State government official, typically second highest officer after the governor

Method for electing the lieutenant governor.

A lieutenant governor is an official in state governments of 45 out of 50 of the United States. In most cases, the lieutenant governor is the highest officer of state after the governor, standing in for that officer when they are absent from the state or temporarily incapacitated. In the event a governor dies, resigns or is removed from office, the lieutenant governor typically becomes governor.
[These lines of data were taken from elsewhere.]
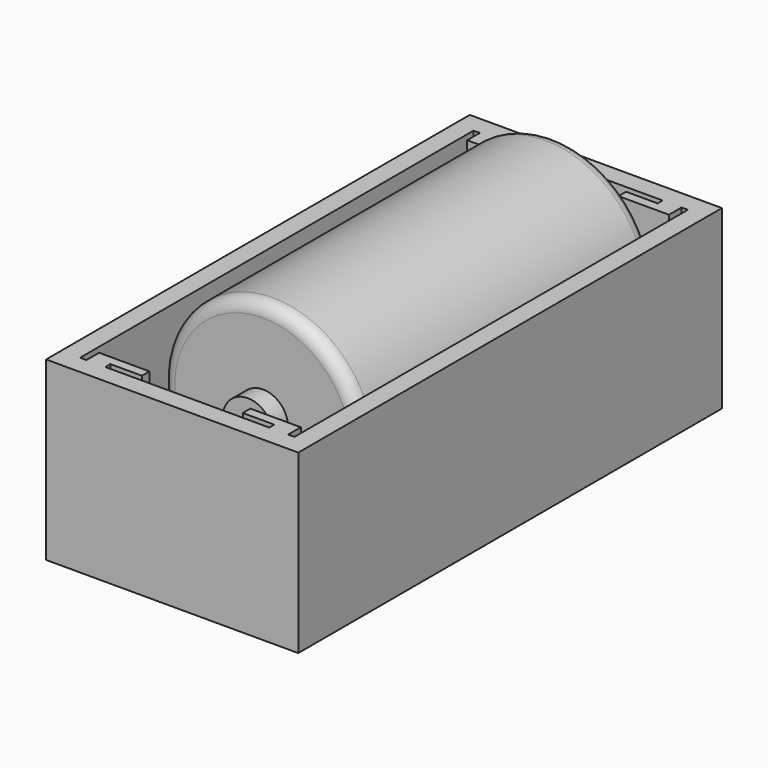
from build123d import *

# Parameters (mm, degrees)
F0_R            = 16
F1_DEPTH        = 58
F2_R            = 4
F3_DEPTH        = 3
F4_R            = 2
F6_W            = 40
F6_H            = 84
F7_DEPTH        = 3
F8_W            = 40
F8_H            = 84
F8_W_2          = 34
F8_H_2          = 78
F9_DEPTH        = 25
F10_R           = 5.8847523539
F11_DEPTH       = 25
F13_DEPTH       = 25
F14_TEXT_SIZE   = 13.9910155364
F14_TEXT_SIZE_2 = 12.9334014168
F15_DEPTH       = 0.5


# Not quite as in the source:
# - Text() gives the source's letters only with a copy of the font that has no kerning and outlines rounded to 1/6400 em; it was checked with that copy


with BuildPart() as f1:
    # F0 (on Front) → F1 (new body)
    with BuildSketch(Plane.XZ):
        Circle(F0_R)
    extrude(amount=F1_DEPTH)

    # F2 (on face) → F3 (join)
    with BuildSketch(Plane.XZ.offset(58)):
        Circle(F2_R)
    extrude(amount=F3_DEPTH)

    # F4
    f4_edges = [f1.edges().sort_by_distance(p)[0] for p in [
        (-16, -58, 0),
        (-16, 0, 0),
    ]]
    fillet(f4_edges, radius=F4_R)


with BuildPart() as f7:
    # F6 (on offset) → F7 (new body)
    with BuildSketch(Plane.XY.offset(-16)):
        with Locations((0, -34)):
            Rectangle(F6_W, F6_H)
    extrude(amount=-F7_DEPTH)

    # F8 (on face) → F9 (join)
    with BuildSketch(Plane.XY.offset(-16)):
        with Locations((0, -34)):
            Rectangle(F8_W, F8_H)
        with Locations((0, -34)):
            Rectangle(F8_W_2, F8_H_2, mode=Mode.SUBTRACT)
    extrude(amount=F9_DEPTH)

    # F10 (on face) → F11 (cut)
    with BuildSketch(Plane(origin=(0, 0, -19), x_dir=(1, 0, 0), z_dir=(0, 0, -1))):
        with Locations((-4.9920217134, 45.0053848326)):
            Circle(F10_R)
        Polygon((-6.232730113, 13.6288285578), (-6.232730113, 8.465465871), (-2.5816813434, 4.8144171014), (2.5816813434, 4.8144171014), (6.232730113, 8.465465871), (6.232730113, 13.6288285578), (2.5816813434, 17.2798773274), (-2.5816813434, 17.2798773274), align=None)
    extrude(amount=-F11_DEPTH, mode=Mode.SUBTRACT)

    # F12 (on face) → F13 (join)
    with BuildSketch(Plane.XY.offset(-16)):
        Polygon((16, 2.5), (16, 5), (13, 5), (13, 4), (8, 4), (8, 2.5), align=None)
        Polygon((-16, 2.5), (-8, 2.5), (-8, 4), (-13, 4), (-13, 5), (-16, 5), align=None)
        Polygon((-8, -72), (-8, -70.5), (-16, -70.5), (-16, -73), (-13, -73), (-13, -72), align=None)
        Polygon((13, -72), (13, -73), (16, -73), (16, -70.5), (8, -70.5), (8, -72), align=None)
    extrude(amount=F13_DEPTH)

    # F14 (on face) → F15 (cut)
    with BuildSketch(Plane(origin=(-20, 0, 0), x_dir=(0, -1, 0), z_dir=(-1, 0, 0))):
        with Locations((0.2928902395, -4.8578013666)):
            Text("Deshna's", F14_TEXT_SIZE, font='Open Sans', font_style=FontStyle.BOLD, text_align=(TextAlign.LEFT, TextAlign.BOTTOM))
        with Locations((19.8029056191, -15.7106751576)):
            Text('cell', F14_TEXT_SIZE_2, font='Open Sans', font_style=FontStyle.BOLD, text_align=(TextAlign.LEFT, TextAlign.BOTTOM))
    extrude(amount=-F15_DEPTH, mode=Mode.SUBTRACT)


solid = Compound([f1.part, f7.part])

In 26 states, the governor and lieutenant governor are elected on the same ticket, ensuring that they come from the same political party. In 17 states, they are elected separately and, thus, may come from different parties. Among the seven states without a separate, full-time office of lieutenant governor, two states have a post of lieutenant governor that is filled by the highest officer of the state senate. In Tennessee, the full title of the leader of the Tennessee Senate is "lieutenant governor and speaker of the Senate." In West Virginia, the title of lieutenant governor is assigned by statute to the Senate president.

In many states the positions have few mandated responsibilities. The role in California was criticized by the San Francisco Chronicle as "get up, read the paper, see if the governor is dead, if not, go back to sleep". In the 2010 election for the Lieutenant Governor of Rhode Island, 40% of the vote was won by Robert J. Healey, a perennial candidate who wanted to abolish the office.

With the exception of Georgia, Tennessee, Texas, Washington and West Virginia, every state has had a female lieutenant governor or equivalent.

== Duties ==

The duties of lieutenant governors vary from state to state. In most states, the office's duties are laid out in the state's original state constitution; however, responsibilities may have been added or diminished by statute or executive order.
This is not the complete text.